With that in mind, he recommends that all healthcare facilities have their fire doors tested as soon as possible, rather than waiting until the new deadline—because another authority having jurisdiction might keep to the stricter timeline.

 

Follow-Up From an Earlier Post….

I recently posted on documentation retention, and how long you should keep test/inspection records. A reader contacted me and said they attended a recent ASHE regional event where the speaker said the CMS K-Tags require some records to be kept for the life of the building, and the reader wanted to know if I was familiar with this requirement.

I said no, I was not, but I decided to get an answer direct from CMS themselves. I did receive a reply from CMS which is considered an informal non-public response, and here is a summary of what they said:

  • CMS has not issued any formal policy on retention of records for LS test/inspections.
  • Surveyors typically look back one (1) year to establish compliance.
  • However, the extent of the record review would consider the frequency of a particular test/inspection requirement.
  • If the test/inspection requirement was a monthly requirement, the surveyor may review 12-months’ worth of documentation to confirm compliance.
  • If the test/inspection requirement was an annual requirement, then the surveyor may review 3-years’ worth of documentation to confirm compliance.
  • In addition, retention of records would consider any NFPA, State, or manufacturer requirements.

It’s important to point out that there is a special requirement in NFPA 99-2012, section 5.1.14.4.1 that does require ‘permanent’ records of certain medical gas tests.

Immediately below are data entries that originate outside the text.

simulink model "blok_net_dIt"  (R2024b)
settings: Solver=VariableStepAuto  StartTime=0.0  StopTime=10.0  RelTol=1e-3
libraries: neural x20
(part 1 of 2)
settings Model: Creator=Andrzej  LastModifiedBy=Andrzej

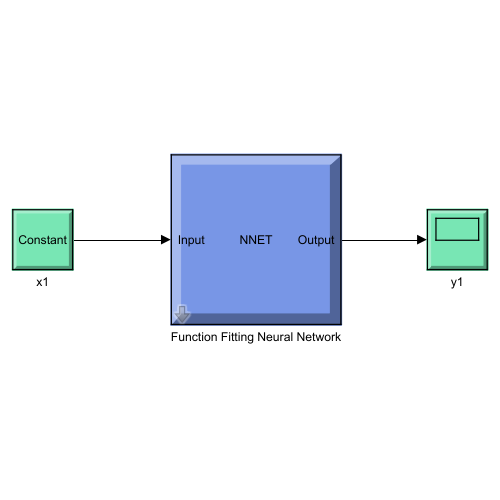
[thumbnail: Simulink's stored preview of the top-level diagram]
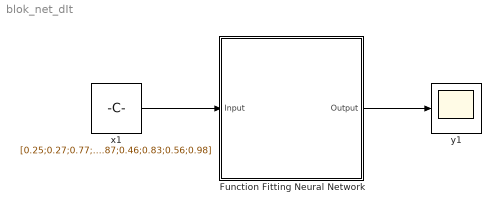
== system blok_net_dIt ==
  Function Fitting Neural Network : Subsystem
      mask help: Function Fitting Neural Network
      mask Display: e = 0.06;c1 = [120 150 230]/255;c2 = ([120 150 230]+0)/383;c3 = ([120 150 230]+128)/383;patch([0 1 1 0],[0 0 1 1],c1);patch([0 1 1 1-e 1-e 0+e],[0 0 1 1-e 0+e 0+e],c2);patch([0 0 1 1-e 0+e 0+e],[0 1 1 1-e 1-e 0+e],c3);plot([0 1 1 0 0],[0 0 1 1 0]);fprintf('NNET');port_label('input',1,' Input');port_label('output',1,'Output ');
  x1 : Constant  Value=[0.25;0.27;0.77;0.61;0.043;0.53;0.33;0.77;0.61;0.34;0.17;0.074;0.72;0.62;0.3;0.86;0.084;0.86;0.19;0.7;0.28;0.12;0.31;0.76;0.68;0.73;0.28;0.82;0.078;0.18;0.93;0.54;0.75;0.61;0.24;0.3;0.71;0.47;0.74;0.87;0.46;0.83;0.56;0.98]  SampleTime=0.1
      mask Display: e = 0.06;c1 = [120 230 180]/255;c2 = ([120 230 180]+0)/(256+128);c3 = ([120 230 180]+128)/(256+128);patch([0 1 1 0],[0 0 1 1],c1);patch([0 1 1 1-e 1-e 0+e],[0 0 1 1-e 0+e 0+e],c2);patch([0 0 1 1-e 0+e 0+e],[0 1 1 1-e 1-e 0+e],c3);plot([0 1 1 0 0],[0 0 1 1 0]);disp('Constant');
  y1 : Scope
      mask Display: e = 0.06;c1 = [120 230 180]/255;c2 = ([120 230 180]+0)/(256+128);c3 = ([120 230 180]+128)/(256+128);patch([0 1 1 0],[0 0 1 1],c1);patch([0 1 1 1-e 1-e 0+e],[0 0 1 1-e 0+e 0+e],c2);patch([0 0 1 1-e 0+e 0+e],[0 1 1 1-e 1-e 0+e],c3);plot([0 1 1 0 0],[0 0 1 1 0]);plot([0.15 0.85 0.85 0.15 0.15],[0.5 0.5 0.85 0.85 0.5]);
  wires:
  x1/1 -> Function Fitting Neural Network/1(Input)
  Function Fitting Neural Network/1(Output) -> y1/1

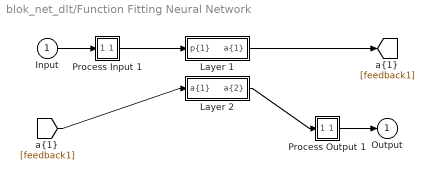
== system blok_net_dIt/Function Fitting Neural Network ==
  Input : Inport  PortDimensions=44  SampleTime=0.1
      mask Display: e = 0.06;c1 = [120 230 180]/255;c2 = ([120 230 180]+0)/(256+128);c3 = ([120 230 180]+128)/(256+128);patch([0 1 1 0],[0 0 1 1],c1);patch([0 1 1 1-e 1-e 0+e],[0 0 1 1-e 0+e 0+e],c2);patch([0 0 1 1-e 0+e 0+e],[0 1 1 1-e 1-e 0+e],c3);plot([0 1 1 0 0],[0 0 1 1 0]);
  Layer 1 : Subsystem
      mask Display: e = 0.06;c1 = [120 150 230]/255;c2 = ([120 150 230]+0)/383;c3 = ([120 150 230]+128)/383;patch([0 1 1 0],[0 0 1 1],c1);patch([0 1 1 1-e 1-e 0+e],[0 0 1 1-e 0+e 0+e],c2);patch([0 0 1 1-e 0+e 0+e],[0 1 1 1-e 1-e 0+e],c3);plot([0 1 1 0 0],[0 0 1 1 0]);
  Layer 2 : Subsystem
      mask Display: e = 0.06;c1 = [120 150 230]/255;c2 = ([120 150 230]+0)/383;c3 = ([120 150 230]+128)/383;patch([0 1 1 0],[0 0 1 1],c1);patch([0 1 1 1-e 1-e 0+e],[0 0 1 1-e 0+e 0+e],c2);patch([0 0 1 1-e 0+e 0+e],[0 1 1 1-e 1-e 0+e],c3);plot([0 1 1 0 0],[0 0 1 1 0]);
  Process Input 1 : Subsystem
      mask Display: e = 0.06;c1 = [120 150 230]/255;c2 = ([120 150 230]+0)/383;c3 = ([120 150 230]+128)/383;patch([0 1 1 0],[0 0 1 1],c1);patch([0 1 1 1-e 1-e 0+e],[0 0 1 1-e 0+e 0+e],c2);patch([0 0 1 1-e 0+e 0+e],[0 1 1 1-e 1-e 0+e],c3);plot([0 1 1 0 0],[0 0 1 1 0]);
  Process Output 1 : Subsystem
      mask Display: e = 0.06;c1 = [120 150 230]/255;c2 = ([120 150 230]+0)/383;c3 = ([120 150 230]+128)/383;patch([0 1 1 0],[0 0 1 1],c1);patch([0 1 1 1-e 1-e 0+e],[0 0 1 1-e 0+e 0+e],c2);patch([0 0 1 1-e 0+e 0+e],[0 1 1 1-e 1-e 0+e],c3);plot([0 1 1 0 0],[0 0 1 1 0]);
  Output : Outport  InitialOutput=0
      mask Display: e = 0.06;c1 = [120 230 180]/255;c2 = ([120 230 180]+0)/(256+128);c3 = ([120 230 180]+128)/(256+128);patch([0 1 1 0],[0 0 1 1],c1);patch([0 1 1 1-e 1-e 0+e],[0 0 1 1-e 0+e 0+e],c2);patch([0 0 1 1-e 0+e 0+e],[0 1 1 1-e 1-e 0+e],c3);plot([0 1 1 0 0],[0 0 1 1 0]);
  wires:
  Input/1 -> Process Input 1/1(x)
  Process Output 1/1(y) -> Output/1
  Process Input 1/1(p) -> Layer 1/1("p{1}")
  Layer 1/1("a{1}") -> [feedback1]
  [feedback1] -> Layer 2/1("a{1} ")
  Layer 2/1("a{2}") -> Process Output 1/1(a)

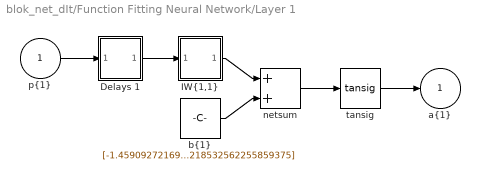
== system blok_net_dIt/Function Fitting Neural Network/Layer 1 ==
  "p{1}" : Inport  PortDimensions=44  SampleTime=0.1
      mask Display: e = 0.06;c1 = [120 230 180]/255;c2 = ([120 230 180]+0)/(256+128);c3 = ([120 230 180]+128)/(256+128);patch([0 1 1 0],[0 0 1 1],c1);patch([0 1 1 1-e 1-e 0+e],[0 0 1 1-e 0+e 0+e],c2);patch([0 0 1 1-e 0+e 0+e],[0 1 1 1-e 1-e 0+e],c3);plot([0 1 1 0 0],[0 0 1 1 0]);
  Delays 1 : Subsystem
      mask Display: e = 0.06;c1 = [120 150 230]/255;c2 = ([120 150 230]+0)/383;c3 = ([120 150 230]+128)/383;patch([0 1 1 0],[0 0 1 1],c1);patch([0 1 1 1-e 1-e 0+e],[0 0 1 1-e 0+e 0+e],c2);patch([0 0 1 1-e 0+e 0+e],[0 1 1 1-e 1-e 0+e],c3);plot([0 1 1 0 0],[0 0 1 1 0]);disp('0');
  "IW{1,1}" : Subsystem
      mask Display: e = 0.06;c1 = [120 150 230]/255;c2 = ([120 150 230]+0)/383;c3 = ([120 150 230]+128)/383;patch([0 1 1 0],[0 0 1 1],c1);patch([0 1 1 1-e 1-e 0+e],[0 0 1 1-e 0+e 0+e],c2);patch([0 0 1 1-e 0+e 0+e],[0 1 1 1-e 1-e 0+e],c3);plot([0 1 1 0 0],[0 0 1 1 0]);disp('W');
  "b{1}" : Constant  Value=[-1.4590927216917577435850716938148252665996551513671875;-1.2161094263826182082510740656289272010326385498046875;0.67240332337431407694339213776402175426483154296875;-0.57080952563055564752403370221145451068878173828125;0.5299136413583969140717044865596108138561248779296875;-0.500883856424665818707353537320159375667572021484375;0.80620597521665604556773132571834139525890350341796875;0.1146802862454827931504297566789318807423114776611328125;0.280936541276880447082220371157745830714702606201171875;0.90048946986504929679284714438836090266704559326171875;-0.26431542718953260351355538659845478832721710205078125;-0.87810750793975234085309011788922362029552459716796875;1.4374602095202082541192112330463714897632598876953125;-1.59058445523031100066191356745548546314239501953125;-1.5451182648027026456105659235618077218532562255859375]
      mask Display: e = 0.06;c1 = [120 150 230]/255;c2 = ([120 150 230]+0)/383;c3 = ([120 150 230]+128)/383;patch([0 1 1 0],[0 0 1 1],c1);patch([0 1 1 1-e 1-e 0+e],[0 0 1 1-e 0+e 0+e],c2);patch([0 0 1 1-e 0+e 0+e],[0 1 1 1-e 1-e 0+e],c3);plot([0 1 1 0 0],[0 0 1 1 0]);disp('b');
  netsum : Sum  Inputs=2  InputSameDT=on  SaturateOnIntegerOverflow=on  OutDataTypeStr=Inherit: Same as first input
      mask Display: e = 0.06;c1 = [120 150 230]/255;c2 = ([120 150 230]+0)/383;c3 = ([120 150 230]+128)/383;patch([0 1 1 0],[0 0 1 1],c1);patch([0 1 1 1-e 1-e 0+e],[0 0 1 1-e 0+e 0+e],c2);patch([0 0 1 1-e 0+e 0+e],[0 1 1 1-e 1-e 0+e],c3);plot([0 1 1 0 0],[0 0 1 1 0]);disp('+');
  tansig : neural/Transfer Functions/tansig
  "a{1}" : Outport  InitialOutput=[0;0;0;0;0;0;0;0;0;0;0;0;0;0;0]
      mask Display: e = 0.06;c1 = [120 230 180]/255;c2 = ([120 230 180]+0)/(256+128);c3 = ([120 230 180]+128)/(256+128);patch([0 1 1 0],[0 0 1 1],c1);patch([0 1 1 1-e 1-e 0+e],[0 0 1 1-e 0+e 0+e],c2);patch([0 0 1 1-e 0+e 0+e],[0 1 1 1-e 1-e 0+e],c3);plot([0 1 1 0 0],[0 0 1 1 0]);
  wires:
  "p{1}"/1 -> Delays 1/1("p{1}")
  Delays 1/1("pd{1,1}") -> "IW{1,1}"/1("pd{1,1}")
  "IW{1,1}"/1("iz{1,1}") -> netsum/1
  "b{1}"/1 -> netsum/2
  netsum/1 -> tansig/1
  tansig/1 -> "a{1}"/1

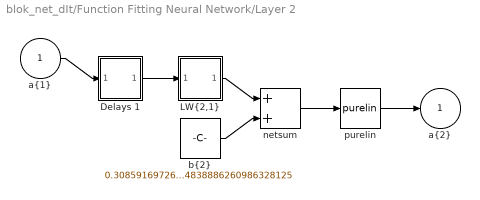
== system blok_net_dIt/Function Fitting Neural Network/Layer 2 ==
  "a{1} " : Inport  PortDimensions=15  SampleTime=0.1
      mask Display: e = 0.06;c1 = [120 230 180]/255;c2 = ([120 230 180]+0)/(256+128);c3 = ([120 230 180]+128)/(256+128);patch([0 1 1 0],[0 0 1 1],c1);patch([0 1 1 1-e 1-e 0+e],[0 0 1 1-e 0+e 0+e],c2);patch([0 0 1 1-e 0+e 0+e],[0 1 1 1-e 1-e 0+e],c3);plot([0 1 1 0 0],[0 0 1 1 0]);
  Delays 1 : Subsystem
      mask Display: e = 0.06;c1 = [120 150 230]/255;c2 = ([120 150 230]+0)/383;c3 = ([120 150 230]+128)/383;patch([0 1 1 0],[0 0 1 1],c1);patch([0 1 1 1-e 1-e 0+e],[0 0 1 1-e 0+e 0+e],c2);patch([0 0 1 1-e 0+e 0+e],[0 1 1 1-e 1-e 0+e],c3);plot([0 1 1 0 0],[0 0 1 1 0]);disp('0');
  "LW{2,1}" : Subsystem
      mask Display: e = 0.06;c1 = [120 150 230]/255;c2 = ([120 150 230]+0)/383;c3 = ([120 150 230]+128)/383;patch([0 1 1 0],[0 0 1 1],c1);patch([0 1 1 1-e 1-e 0+e],[0 0 1 1-e 0+e 0+e],c2);patch([0 0 1 1-e 0+e 0+e],[0 1 1 1-e 1-e 0+e],c3);plot([0 1 1 0 0],[0 0 1 1 0]);disp('W');
  "b{2}" : Constant  Value=0.308591697268615405835845422188867814838886260986328125
      mask Display: e = 0.06;c1 = [120 150 230]/255;c2 = ([120 150 230]+0)/383;c3 = ([120 150 230]+128)/383;patch([0 1 1 0],[0 0 1 1],c1);patch([0 1 1 1-e 1-e 0+e],[0 0 1 1-e 0+e 0+e],c2);patch([0 0 1 1-e 0+e 0+e],[0 1 1 1-e 1-e 0+e],c3);plot([0 1 1 0 0],[0 0 1 1 0]);disp('b');
  netsum : Sum  Inputs=2  InputSameDT=on  SaturateOnIntegerOverflow=on  OutDataTypeStr=Inherit: Same as first input
      mask Display: e = 0.06;c1 = [120 150 230]/255;c2 = ([120 150 230]+0)/383;c3 = ([120 150 230]+128)/383;patch([0 1 1 0],[0 0 1 1],c1);patch([0 1 1 1-e 1-e 0+e],[0 0 1 1-e 0+e 0+e],c2);patch([0 0 1 1-e 0+e 0+e],[0 1 1 1-e 1-e 0+e],c3);plot([0 1 1 0 0],[0 0 1 1 0]);disp('+');
  purelin : neural/Transfer Functions/purelin
  "a{2}" : Outport  InitialOutput=0
      mask Display: e = 0.06;c1 = [120 230 180]/255;c2 = ([120 230 180]+0)/(256+128);c3 = ([120 230 180]+128)/(256+128);patch([0 1 1 0],[0 0 1 1],c1);patch([0 1 1 1-e 1-e 0+e],[0 0 1 1-e 0+e 0+e],c2);patch([0 0 1 1-e 0+e 0+e],[0 1 1 1-e 1-e 0+e],c3);plot([0 1 1 0 0],[0 0 1 1 0]);
  wires:
  "a{1} "/1 -> Delays 1/1("p{2}")
  Delays 1/1("pd{2,1}") -> "LW{2,1}"/1("ad{2,1}")
  "LW{2,1}"/1("lz{2,1}") -> netsum/1
  "b{2}"/1 -> netsum/2
  netsum/1 -> purelin/1
  purelin/1 -> "a{2}"/1

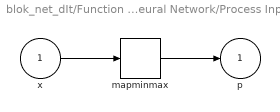
== system blok_net_dIt/Function Fitting Neural Network/Process Input 1 ==
  x : Inport  PortDimensions=44  SampleTime=0.1
      mask Display: e = 0.06;c1 = [120 230 180]/255;c2 = ([120 230 180]+0)/(256+128);c3 = ([120 230 180]+128)/(256+128);patch([0 1 1 0],[0 0 1 1],c1);patch([0 1 1 1-e 1-e 0+e],[0 0 1 1-e 0+e 0+e],c2);patch([0 0 1 1-e 0+e 0+e],[0 1 1 1-e 1-e 0+e],c3);plot([0 1 1 0 0],[0 0 1 1 0]);
  mapminmax : neural/Processing Functions/mapminmax  xmin=[200;7.5;0.0560599604440001897387446661014;0.666666670123805316094944828365;200;6.66666666666666696272613990004;0.0560599604440001897387446661014;0.666666670123805316094944828365;200;5.83333333333333303727386009996;0.0560599604440001897387446661014;0.666666670123805316094944828365;200;5;0.0560599604440001897387446661014;0.666666670123805316094944828365;200;4.16666666666666696272613990004;0.0560599604440001897387446661014;0.666666670123805316094944828365;200;3.33333333333333348136306995002;0.0560599604440001897387446661014;0.666666670123805316094944828365;200;2.5;0.0560599604440001897387446661014;0.598775219478076659029852635285;200;1.66666666666666674068153497501;0.0560599604440001897387446661014;0.444741001202892838328750713117;200;0.833333333333333370340767487505;0.0560599604440001897387446661014;0.248926720000000017973817989514;-3.66984632054533754796921130037;-3.66984632054533754796921130037;-3.66984632054533754796921130037;-3.66984632054533754796921130037;-3.66984632054533754796921130037;-3.66984632054533754796921130037;-3.66984632054533754796921130037;-3.66984632054533754796921130037]  xmax=[396.346826452357333891995949671;388.235964771228339031949872151;9.76797095137581905532897508238;1.31996715259718877533146041969;396.346826452357333891995949671;387.618095460889037440210813656;9.76797095137581905532897508238;1.31996715259718877533146041969;396.346826452357333891995949671;386.966216713948654160049045458;9.76797095137581905532897508238;1.31996715259718877533146041969;396.346826452357333891995949671;386.278944144757304002268938348;9.76797095137581905532897508238;1.31996715259718877533146041969;396.346826452357333891995949671;385.554826214493289171514334157;9.76797095137581905532897508238;1.31996715259718877533146041969;396.346826452357333891995949671;384.792340749840207081433618441;9.76797095137581905532897508238;1.31996715259718877533146041969;396.346826452357333891995949671;383.989891286615318222175119445;9.76797095137581905532897508238;1.31996715259718877533146041969;396.346826452357333891995949671;383.145803229656792154855793342;9.76797095137581905532897508238;1.31996715259718877533146041969;396.346826452357333891995949671;382.258319819841574371821479872;9.76797095137581905532897508238;1.31996715259718877533146041969;7.40930001984626951383461346268;7.40930001984626951383461346268;7.40930001984626951383461346268;7.40930001984626951383461346268;7.40930001984626951383461346268;7.40930001984626951383461346268;7.40930001984626951383461346268;7.40930001984626951383461346268]  ymin=-1  ymax=1
  p : Outport  PortDimensions=44  SampleTime=0.1
      mask Display: e = 0.06;c1 = [120 230 180]/255;c2 = ([120 230 180]+0)/(256+128);c3 = ([120 230 180]+128)/(256+128);patch([0 1 1 0],[0 0 1 1],c1);patch([0 1 1 1-e 1-e 0+e],[0 0 1 1-e 0+e 0+e],c2);patch([0 0 1 1-e 0+e 0+e],[0 1 1 1-e 1-e 0+e],c3);plot([0 1 1 0 0],[0 0 1 1 0]);
  wires:
  x/1 -> mapminmax/1
  mapminmax/1 -> p/1

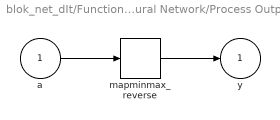
== system blok_net_dIt/Function Fitting Neural Network/Process Output 1 ==
  a : Inport  PortDimensions=1  SampleTime=0.1
      mask Display: e = 0.06;c1 = [120 230 180]/255;c2 = ([120 230 180]+0)/(256+128);c3 = ([120 230 180]+128)/(256+128);patch([0 1 1 0],[0 0 1 1],c1);patch([0 1 1 1-e 1-e 0+e],[0 0 1 1-e 0+e 0+e],c2);patch([0 0 1 1-e 0+e 0+e],[0 1 1 1-e 1-e 0+e],c3);plot([0 1 1 0 0],[0 0 1 1 0]);
  mapminmax_reverse : neural/Processing Functions/mapminmax_reverse  xmin=-0.334064474595016203117836539604  xmax=0.261856585052868462426545193011  ymin=-1  ymax=1
  y : Outport  PortDimensions=1  SampleTime=0.1
      mask Display: e = 0.06;c1 = [120 230 180]/255;c2 = ([120 230 180]+0)/(256+128);c3 = ([120 230 180]+128)/(256+128);patch([0 1 1 0],[0 0 1 1],c1);patch([0 1 1 1-e 1-e 0+e],[0 0 1 1-e 0+e 0+e],c2);patch([0 0 1 1-e 0+e 0+e],[0 1 1 1-e 1-e 0+e],c3);plot([0 1 1 0 0],[0 0 1 1 0]);
  wires:
  a/1 -> mapminmax_reverse/1
  mapminmax_reverse/1 -> y/1

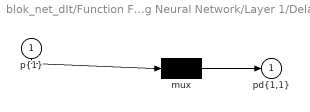
== system blok_net_dIt/Function Fitting Neural Network/Layer 1/Delays 1 ==
  "p{1}" : Inport  PortDimensions=44  SampleTime=0.1
      mask Display: e = 0.06;c1 = [120 230 180]/255;c2 = ([120 230 180]+0)/(256+128);c3 = ([120 230 180]+128)/(256+128);patch([0 1 1 0],[0 0 1 1],c1);patch([0 1 1 1-e 1-e 0+e],[0 0 1 1-e 0+e 0+e],c2);patch([0 0 1 1-e 0+e 0+e],[0 1 1 1-e 1-e 0+e],c3);plot([0 1 1 0 0],[0 0 1 1 0]);
  mux : Mux  Inputs=1
      mask Display: e = 0.06;c1 = [120 150 230]/255;c2 = ([120 150 230]+0)/383;c3 = ([120 150 230]+128)/383;patch([0 1 1 0],[0 0 1 1],c1);patch([0 1 1 1-e 1-e 0+e],[0 0 1 1-e 0+e 0+e],c2);patch([0 0 1 1-e 0+e 0+e],[0 1 1 1-e 1-e 0+e],c3);plot([0 1 1 0 0],[0 0 1 1 0]);disp('Mux')
  "pd{1,1}" : Outport
      mask Display: e = 0.06;c1 = [120 230 180]/255;c2 = ([120 230 180]+0)/(256+128);c3 = ([120 230 180]+128)/(256+128);patch([0 1 1 0],[0 0 1 1],c1);patch([0 1 1 1-e 1-e 0+e],[0 0 1 1-e 0+e 0+e],c2);patch([0 0 1 1-e 0+e 0+e],[0 1 1 1-e 1-e 0+e],c3);plot([0 1 1 0 0],[0 0 1 1 0]);
  wires:
  "p{1}"/1 -> mux/1
  mux/1 -> "pd{1,1}"/1

Permanent would mean retention for the life of the building (or system), but section 5.1.14.4.1 only refers to initial system verification test records… not routine annual inspections. And it only applies to medical gas and vacuum systems, not other mechanical or electrical systems identified in NFPA 99.

CMS K-Tags 907 and 908 refer to a routine maintenance program and a test/inspection program for medical gas systems. These K-Tags says records are to be maintained as required. Since the K-Tags are a CMS product, they are obviously saying maintenance records and routine test/inspection records are to be kept long enough to establish a pattern of compliance. For annual test/inspection records, that would mean you must retain the records for 3-years, not necessarily for the life of the building.

Similarly, K-Tag 921 discusses a testing and maintenance program for electrical equipment, and it says records are maintained for a period of time to demonstrate compliance. This is consistent with the CMS informal comment that a ‘period of time’ would be 1-year for monthly requirements and 3-years for annual requirements.

Since accreditation organizations operate with the authority granted to them by CMS, it would be expected that the accreditation organizations would comply with the same requirements and informal policies as CMS.

But, I will fallback on what I believe: You should never throw away any records that demonstrate compliance with a regulatory requirement. That’s Brads opinion.